21. A probe according to claim 19 which comprises 5' TCGGATGTGAAAGCCTGCAGCT 3' (SEQ ID NO:6).

22. A method for detecting the presence of bacteria belonging to genera selected from the group consisting of Microbispora, Microtetraspora, Nonomuria and Planobispora, in a sample comprising:

(a) contacting the sample with a nucleic acid probe specific for the genus of interest; wherein said probe hybridizes to nucleic acid encoding 16S rRNA in said genus;

(b) imposing hybridization conditions; and

(c) determining if hybridization has occurred.

23. A method according to claim 22 wherein the genus is Microbispora.

24. A method according to claim 23 further comprising the step of lysing bacteria in the sample prior to step (a).

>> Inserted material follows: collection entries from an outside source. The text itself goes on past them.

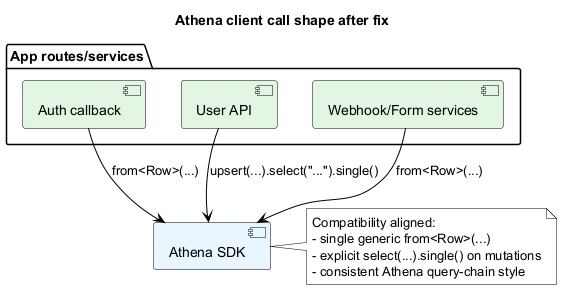

The diagram above was rendered by PlantUML. Its source (embedded in the PNG):
@startuml
skinparam backgroundColor White
skinparam defaultFontColor Black
skinparam shadowing false
skinparam ArrowColor Black
skinparam packageBorderColor Black
skinparam componentBorderColor Black
skinparam componentFontColor Black
skinparam componentBackgroundColor #E3F6E3
skinparam noteBackgroundColor #FFFFFF
skinparam noteBorderColor Black

title Athena client call shape after fix

package "App routes/services" {
  component "Auth callback" as AUTH
  component "User API" as USER
  component "Webhook/Form services" as SRV
}

component "Athena SDK" as ATHENA #EAF6FF

AUTH --> ATHENA : from<Row>(...)
USER --> ATHENA : upsert(...).select("...").single()
SRV --> ATHENA : from<Row>(...)

note right of ATHENA
Compatibility aligned:
- single generic from<Row>(...)
- explicit select(...).single() on mutations
- consistent Athena query-chain style
end note

@enduml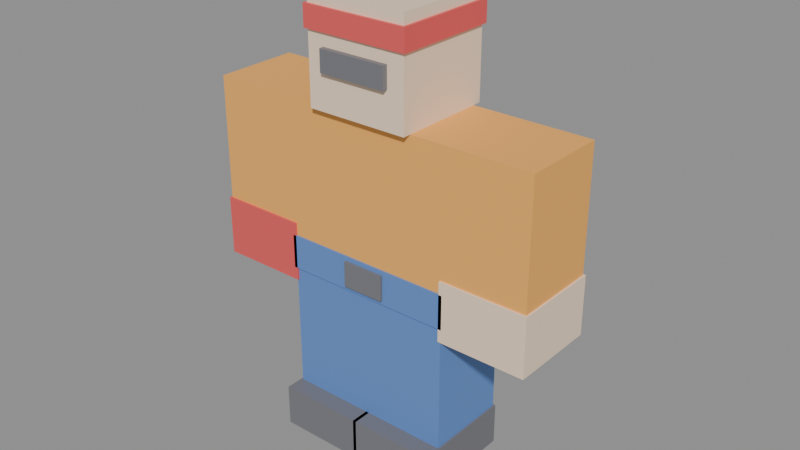 # Source: reposo.blend  (saved by Blender 5.2.45; exported with 4.5.12 LTS)
import bpy
from mathutils import Matrix  # noqa: F401  (used for matrix-valued properties, if any)

bpy.ops.wm.read_factory_settings(use_empty=True)
scene = bpy.context.scene
scene.name = 'Scene'

# ---- materials (node trees are filled in below, after node groups)
mat_mat_torso = bpy.data.materials.new('mat_Torso')
mat_mat_torso.diffuse_color = (0.95, 0.45, 0.1, 1.0)
mat_mat_cinturon = bpy.data.materials.new('mat_Cinturon')
mat_mat_cinturon.diffuse_color = (0.12, 0.25, 0.6, 1.0)
mat_mat_hebilla = bpy.data.materials.new('mat_Hebilla')
mat_mat_hebilla.diffuse_color = (0.18, 0.18, 0.2, 1.0)
mat_mat_head = bpy.data.materials.new('mat_Head')
mat_mat_head.diffuse_color = (0.95, 0.74, 0.55, 1.0)
mat_mat_cinta = bpy.data.materials.new('mat_Cinta')
mat_mat_cinta.diffuse_color = (0.8, 0.1, 0.1, 1.0)
mat_mat_cara = bpy.data.materials.new('mat_Cara')
mat_mat_cara.diffuse_color = (0.18, 0.18, 0.2, 1.0)
mat_mat_left_arm = bpy.data.materials.new('mat_Left Arm')
mat_mat_left_arm.diffuse_color = (0.95, 0.45, 0.1, 1.0)
mat_mat_guante_izq = bpy.data.materials.new('mat_Guante izq')
mat_mat_guante_izq.diffuse_color = (0.95, 0.74, 0.55, 1.0)
mat_mat_right_arm = bpy.data.materials.new('mat_Right Arm')
mat_mat_right_arm.diffuse_color = (0.95, 0.45, 0.1, 1.0)
mat_mat_guante_der = bpy.data.materials.new('mat_Guante der')
mat_mat_guante_der.diffuse_color = (0.8, 0.1, 0.1, 1.0)
mat_mat_left_leg = bpy.data.materials.new('mat_Left Leg')
mat_mat_left_leg.diffuse_color = (0.12, 0.25, 0.6, 1.0)
mat_mat_bota_izq = bpy.data.materials.new('mat_Bota izq')
mat_mat_bota_izq.diffuse_color = (0.18, 0.18, 0.2, 1.0)
mat_mat_right_leg = bpy.data.materials.new('mat_Right Leg')
mat_mat_right_leg.diffuse_color = (0.12, 0.25, 0.6, 1.0)
mat_mat_bota_der = bpy.data.materials.new('mat_Bota der')
mat_mat_bota_der.diffuse_color = (0.18, 0.18, 0.2, 1.0)

# ---- material node trees
mat_mat_torso.use_nodes = True; mat_mat_torso.node_tree.nodes.clear()
_N = mat_mat_torso.node_tree.nodes; _L = mat_mat_torso.node_tree.links
n0 = _N.new('ShaderNodeBsdfPrincipled'); n0.name = 'Principled BSDF'; n0.location = (-200, 100)
n0.inputs[0].default_value = (0.95, 0.45, 0.1, 1.0)
n0.inputs[2].default_value = 0.6
n0.inputs[10].default_value = 0.005
n1 = _N.new('ShaderNodeOutputMaterial'); n1.name = 'Material Output'; n1.location = (200, 100)
_L.new(n0.outputs[0], n1.inputs[0])
n1.is_active_output = True
mat_mat_cinturon.use_nodes = True; mat_mat_cinturon.node_tree.nodes.clear()
_N = mat_mat_cinturon.node_tree.nodes; _L = mat_mat_cinturon.node_tree.links
n0 = _N.new('ShaderNodeBsdfPrincipled'); n0.name = 'Principled BSDF'; n0.location = (-200, 100)
n0.inputs[0].default_value = (0.12, 0.25, 0.6, 1.0)
n0.inputs[2].default_value = 0.6
n0.inputs[10].default_value = 0.005
n1 = _N.new('ShaderNodeOutputMaterial'); n1.name = 'Material Output'; n1.location = (200, 100)
_L.new(n0.outputs[0], n1.inputs[0])
n1.is_active_output = True
mat_mat_hebilla.use_nodes = True; mat_mat_hebilla.node_tree.nodes.clear()
_N = mat_mat_hebilla.node_tree.nodes; _L = mat_mat_hebilla.node_tree.links
n0 = _N.new('ShaderNodeBsdfPrincipled'); n0.name = 'Principled BSDF'; n0.location = (-200, 100)
n0.inputs[0].default_value = (0.18, 0.18, 0.2, 1.0)
n0.inputs[2].default_value = 0.6
n0.inputs[10].default_value = 0.005
n1 = _N.new('ShaderNodeOutputMaterial'); n1.name = 'Material Output'; n1.location = (200, 100)
_L.new(n0.outputs[0], n1.inputs[0])
n1.is_active_output = True
mat_mat_head.use_nodes = True; mat_mat_head.node_tree.nodes.clear()
_N = mat_mat_head.node_tree.nodes; _L = mat_mat_head.node_tree.links
n0 = _N.new('ShaderNodeBsdfPrincipled'); n0.name = 'Principled BSDF'; n0.location = (-200, 100)
n0.inputs[0].default_value = (0.95, 0.74, 0.55, 1.0)
n0.inputs[2].default_value = 0.6
n0.inputs[10].default_value = 0.005
n1 = _N.new('ShaderNodeOutputMaterial'); n1.name = 'Material Output'; n1.location = (200, 100)
_L.new(n0.outputs[0], n1.inputs[0])
n1.is_active_output = True
mat_mat_cinta.use_nodes = True; mat_mat_cinta.node_tree.nodes.clear()
_N = mat_mat_cinta.node_tree.nodes; _L = mat_mat_cinta.node_tree.links
n0 = _N.new('ShaderNodeBsdfPrincipled'); n0.name = 'Principled BSDF'; n0.location = (-200, 100)
n0.inputs[0].default_value = (0.8, 0.1, 0.1, 1.0)
n0.inputs[2].default_value = 0.6
n0.inputs[10].default_value = 0.005
n1 = _N.new('ShaderNodeOutputMaterial'); n1.name = 'Material Output'; n1.location = (200, 100)
_L.new(n0.outputs[0], n1.inputs[0])
n1.is_active_output = True
mat_mat_cara.use_nodes = True; mat_mat_cara.node_tree.nodes.clear()
_N = mat_mat_cara.node_tree.nodes; _L = mat_mat_cara.node_tree.links
n0 = _N.new('ShaderNodeBsdfPrincipled'); n0.name = 'Principled BSDF'; n0.location = (-200, 100)
n0.inputs[0].default_value = (0.18, 0.18, 0.2, 1.0)
n0.inputs[2].default_value = 0.6
n0.inputs[10].default_value = 0.005
n1 = _N.new('ShaderNodeOutputMaterial'); n1.name = 'Material Output'; n1.location = (200, 100)
_L.new(n0.outputs[0], n1.inputs[0])
n1.is_active_output = True
mat_mat_left_arm.use_nodes = True; mat_mat_left_arm.node_tree.nodes.clear()
_N = mat_mat_left_arm.node_tree.nodes; _L = mat_mat_left_arm.node_tree.links
n0 = _N.new('ShaderNodeBsdfPrincipled'); n0.name = 'Principled BSDF'; n0.location = (-200, 100)
n0.inputs[0].default_value = (0.95, 0.45, 0.1, 1.0)
n0.inputs[2].default_value = 0.6
n0.inputs[10].default_value = 0.005
n1 = _N.new('ShaderNodeOutputMaterial'); n1.name = 'Material Output'; n1.location = (200, 100)
_L.new(n0.outputs[0], n1.inputs[0])
n1.is_active_output = True
mat_mat_guante_izq.use_nodes = True; mat_mat_guante_izq.node_tree.nodes.clear()
_N = mat_mat_guante_izq.node_tree.nodes; _L = mat_mat_guante_izq.node_tree.links
n0 = _N.new('ShaderNodeBsdfPrincipled'); n0.name = 'Principled BSDF'; n0.location = (-200, 100)
n0.inputs[0].default_value = (0.95, 0.74, 0.55, 1.0)
n0.inputs[2].default_value = 0.6
n0.inputs[10].default_value = 0.005
n1 = _N.new('ShaderNodeOutputMaterial'); n1.name = 'Material Output'; n1.location = (200, 100)
_L.new(n0.outputs[0], n1.inputs[0])
n1.is_active_output = True
mat_mat_right_arm.use_nodes = True; mat_mat_right_arm.node_tree.nodes.clear()
_N = mat_mat_right_arm.node_tree.nodes; _L = mat_mat_right_arm.node_tree.links
n0 = _N.new('ShaderNodeBsdfPrincipled'); n0.name = 'Principled BSDF'; n0.location = (-200, 100)
n0.inputs[0].default_value = (0.95, 0.45, 0.1, 1.0)
n0.inputs[2].default_value = 0.6
n0.inputs[10].default_value = 0.005
n1 = _N.new('ShaderNodeOutputMaterial'); n1.name = 'Material Output'; n1.location = (200, 100)
_L.new(n0.outputs[0], n1.inputs[0])
n1.is_active_output = True
mat_mat_guante_der.use_nodes = True; mat_mat_guante_der.node_tree.nodes.clear()
_N = mat_mat_guante_der.node_tree.nodes; _L = mat_mat_guante_der.node_tree.links
n0 = _N.new('ShaderNodeBsdfPrincipled'); n0.name = 'Principled BSDF'; n0.location = (-200, 100)
n0.inputs[0].default_value = (0.8, 0.1, 0.1, 1.0)
n0.inputs[2].default_value = 0.6
n0.inputs[10].default_value = 0.005
n1 = _N.new('ShaderNodeOutputMaterial'); n1.name = 'Material Output'; n1.location = (200, 100)
_L.new(n0.outputs[0], n1.inputs[0])
n1.is_active_output = True
mat_mat_left_leg.use_nodes = True; mat_mat_left_leg.node_tree.nodes.clear()
_N = mat_mat_left_leg.node_tree.nodes; _L = mat_mat_left_leg.node_tree.links
n0 = _N.new('ShaderNodeBsdfPrincipled'); n0.name = 'Principled BSDF'; n0.location = (-200, 100)
n0.inputs[0].default_value = (0.12, 0.25, 0.6, 1.0)
n0.inputs[2].default_value = 0.6
n0.inputs[10].default_value = 0.005
n1 = _N.new('ShaderNodeOutputMaterial'); n1.name = 'Material Output'; n1.location = (200, 100)
_L.new(n0.outputs[0], n1.inputs[0])
n1.is_active_output = True
mat_mat_bota_izq.use_nodes = True; mat_mat_bota_izq.node_tree.nodes.clear()
_N = mat_mat_bota_izq.node_tree.nodes; _L = mat_mat_bota_izq.node_tree.links
n0 = _N.new('ShaderNodeBsdfPrincipled'); n0.name = 'Principled BSDF'; n0.location = (-200, 100)
n0.inputs[0].default_value = (0.18, 0.18, 0.2, 1.0)
n0.inputs[2].default_value = 0.6
n0.inputs[10].default_value = 0.005
n1 = _N.new('ShaderNodeOutputMaterial'); n1.name = 'Material Output'; n1.location = (200, 100)
_L.new(n0.outputs[0], n1.inputs[0])
n1.is_active_output = True
mat_mat_right_leg.use_nodes = True; mat_mat_right_leg.node_tree.nodes.clear()
_N = mat_mat_right_leg.node_tree.nodes; _L = mat_mat_right_leg.node_tree.links
n0 = _N.new('ShaderNodeBsdfPrincipled'); n0.name = 'Principled BSDF'; n0.location = (-200, 100)
n0.inputs[0].default_value = (0.12, 0.25, 0.6, 1.0)
n0.inputs[2].default_value = 0.6
n0.inputs[10].default_value = 0.005
n1 = _N.new('ShaderNodeOutputMaterial'); n1.name = 'Material Output'; n1.location = (200, 100)
_L.new(n0.outputs[0], n1.inputs[0])
n1.is_active_output = True
mat_mat_bota_der.use_nodes = True; mat_mat_bota_der.node_tree.nodes.clear()
_N = mat_mat_bota_der.node_tree.nodes; _L = mat_mat_bota_der.node_tree.links
n0 = _N.new('ShaderNodeBsdfPrincipled'); n0.name = 'Principled BSDF'; n0.location = (-200, 100)
n0.inputs[0].default_value = (0.18, 0.18, 0.2, 1.0)
n0.inputs[2].default_value = 0.6
n0.inputs[10].default_value = 0.005
n1 = _N.new('ShaderNodeOutputMaterial'); n1.name = 'Material Output'; n1.location = (200, 100)
_L.new(n0.outputs[0], n1.inputs[0])
n1.is_active_output = True

# ---- meshes
me_cube = bpy.data.meshes.new('Cube')
me_cube.from_pydata([(-0.28, -0.14, 0.56), (-0.28, -0.14, 1.12), (-0.28, 0.14, 0.56), (-0.28, 0.14, 1.12), (0.28, -0.14, 0.56), (0.28, -0.14, 1.12), (0.28, 0.14, 0.56), (0.28, 0.14, 1.12)], [], [(0, 1, 3, 2), (2, 3, 7, 6), (6, 7, 5, 4), (4, 5, 1, 0), (2, 6, 4, 0), (7, 3, 1, 5)])
_uv = me_cube.uv_layers.new(name='UVMap')
_uv.uv.foreach_set('vector', [0.375, 0.0, 0.625, 0.0, 0.625, 0.25, 0.375, 0.25, 0.375, 0.25, 0.625, 0.25, 0.625, 0.5, 0.375, 0.5, 0.375, 0.5, 0.625, 0.5, 0.625, 0.75, 0.375, 0.75, 0.375, 0.75, 0.625, 0.75, 0.625, 1.0, 0.375, 1.0, 0.125, 0.5, 0.375, 0.5, 0.375, 0.75, 0.125, 0.75, 0.625, 0.5, 0.875, 0.5, 0.875, 0.75, 0.625, 0.75])
me_cube.materials.append(mat_mat_torso)
me_cube.update()
me_cube_001 = bpy.data.meshes.new('Cube.001')
me_cube_001.from_pydata([(-0.2856, -0.1456, 0.56), (-0.2856, -0.1456, 0.672), (-0.2856, 0.1456, 0.56), (-0.2856, 0.1456, 0.672), (0.2856, -0.1456, 0.56), (0.2856, -0.1456, 0.672), (0.2856, 0.1456, 0.56), (0.2856, 0.1456, 0.672)], [], [(0, 1, 3, 2), (2, 3, 7, 6), (6, 7, 5, 4), (4, 5, 1, 0), (2, 6, 4, 0), (7, 3, 1, 5)])
_uv = me_cube_001.uv_layers.new(name='UVMap')
_uv.uv.foreach_set('vector', [0.375, 0.0, 0.625, 0.0, 0.625, 0.25, 0.375, 0.25, 0.375, 0.25, 0.625, 0.25, 0.625, 0.5, 0.375, 0.5, 0.375, 0.5, 0.625, 0.5, 0.625, 0.75, 0.375, 0.75, 0.375, 0.75, 0.625, 0.75, 0.625, 1.0, 0.375, 1.0, 0.125, 0.5, 0.375, 0.5, 0.375, 0.75, 0.125, 0.75, 0.625, 0.5, 0.875, 0.5, 0.875, 0.75, 0.625, 0.75])
me_cube_001.materials.append(mat_mat_cinturon)
me_cube_001.update()
me_cube_002 = bpy.data.meshes.new('Cube.002')
me_cube_002.from_pydata([(-0.07, -0.154, 0.574), (-0.07, -0.154, 0.658), (-0.07, -0.1372, 0.574), (-0.07, -0.1372, 0.658), (0.07, -0.154, 0.574), (0.07, -0.154, 0.658), (0.07, -0.1372, 0.574), (0.07, -0.1372, 0.658)], [], [(0, 1, 3, 2), (2, 3, 7, 6), (6, 7, 5, 4), (4, 5, 1, 0), (2, 6, 4, 0), (7, 3, 1, 5)])
_uv = me_cube_002.uv_layers.new(name='UVMap')
_uv.uv.foreach_set('vector', [0.375, 0.0, 0.625, 0.0, 0.625, 0.25, 0.375, 0.25, 0.375, 0.25, 0.625, 0.25, 0.625, 0.5, 0.375, 0.5, 0.375, 0.5, 0.625, 0.5, 0.625, 0.75, 0.375, 0.75, 0.375, 0.75, 0.625, 0.75, 0.625, 1.0, 0.375, 1.0, 0.125, 0.5, 0.375, 0.5, 0.375, 0.75, 0.125, 0.75, 0.625, 0.5, 0.875, 0.5, 0.875, 0.75, 0.625, 0.75])
me_cube_002.materials.append(mat_mat_hebilla)
me_cube_002.update()
me_cube_003 = bpy.data.meshes.new('Cube.003')
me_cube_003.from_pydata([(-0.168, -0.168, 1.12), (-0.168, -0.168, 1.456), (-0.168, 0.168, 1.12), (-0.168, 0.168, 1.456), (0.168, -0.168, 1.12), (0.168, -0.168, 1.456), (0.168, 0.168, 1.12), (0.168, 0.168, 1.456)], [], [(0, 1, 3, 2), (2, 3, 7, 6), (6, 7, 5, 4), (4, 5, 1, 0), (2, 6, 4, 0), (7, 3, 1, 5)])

25. A method according to claim 24 wherein the probe is a radioactively labeled probe.

26. A method according to claim 25 wherein hybridization conditions are stringent hybridization conditions.

27. A method according to claim 26 wherein said probe comprises nucleic acids selected from the group consisting of: (a) nucleic acids comprising SEQ ID NO: 3; and

(b) nucleic acid comprising a 285 bp amplification product made by PCR amplification using primers SEQ ID NO:l and SEQ ID NO:2.

28. A method according to claim 22 wherein the genus is Microtetraspora.

29. A method according to claim 28 further comprising the step of lysing bacteria in the sample prior to step (a).

30. A method according to claim 29 wherein the probe is a radioactively labeled probe.

31. A method according to claim 30 wherein hybridization conditions are stringent hybridization conditions.

32. A method according to claim 31 wherein said probe comprises nucleic acids selected from the group consisting of:

(a) nucleic acids comprising SEQ ID NO:4; and (b) nucleic acid comprising a 285 bp amplification product made by PCR amplification using primers SEQ ID NO:l and SEQ ID NO:2.

33. A method according to claim 22 wherein the genus is Nonomuria.

34. A method according to claim 33 further comprising the step of lysing bacteria in the sample prior to step (a).

35. A method according to claim 34 wherein the probe is a radioactively labeled probe.

36. A method according to claim 35 wherein hybridization conditions are stringent hybridization conditions.

37. A method according to claim 36 wherein said probe comprises nucleic acids selected from the group consisting of:

(a) nucleic acids comprising SEQ ID NO:5; and

(b) nucleic acid comprising a 285 bp amplification product made by PCR amplification using primers SEQ ID NO:l and SEQ ID NO:2.

38. A method according to claim 22 wherein the genus is Planobispora.

39. A method according to claim 38 further comprising the step of lysing bacteria in the sample prior to step (a).

40. A method according to claim 39 wherein the probe is a radioactively labeled probe.

41. A method according to claim 40 wherein hybridization conditions are stringent hybridization conditions.

42. A method according to claim 41 wherein said probe comprises nucleic acids selected from the group consisting of: (a) nucleic acids comprising SEQ ID NO:6; and

(b) nucleic acid comprising a 285 bp amplification product made by PCR amplification using primers SEQ ID NO:l and SEQ ID NO:2.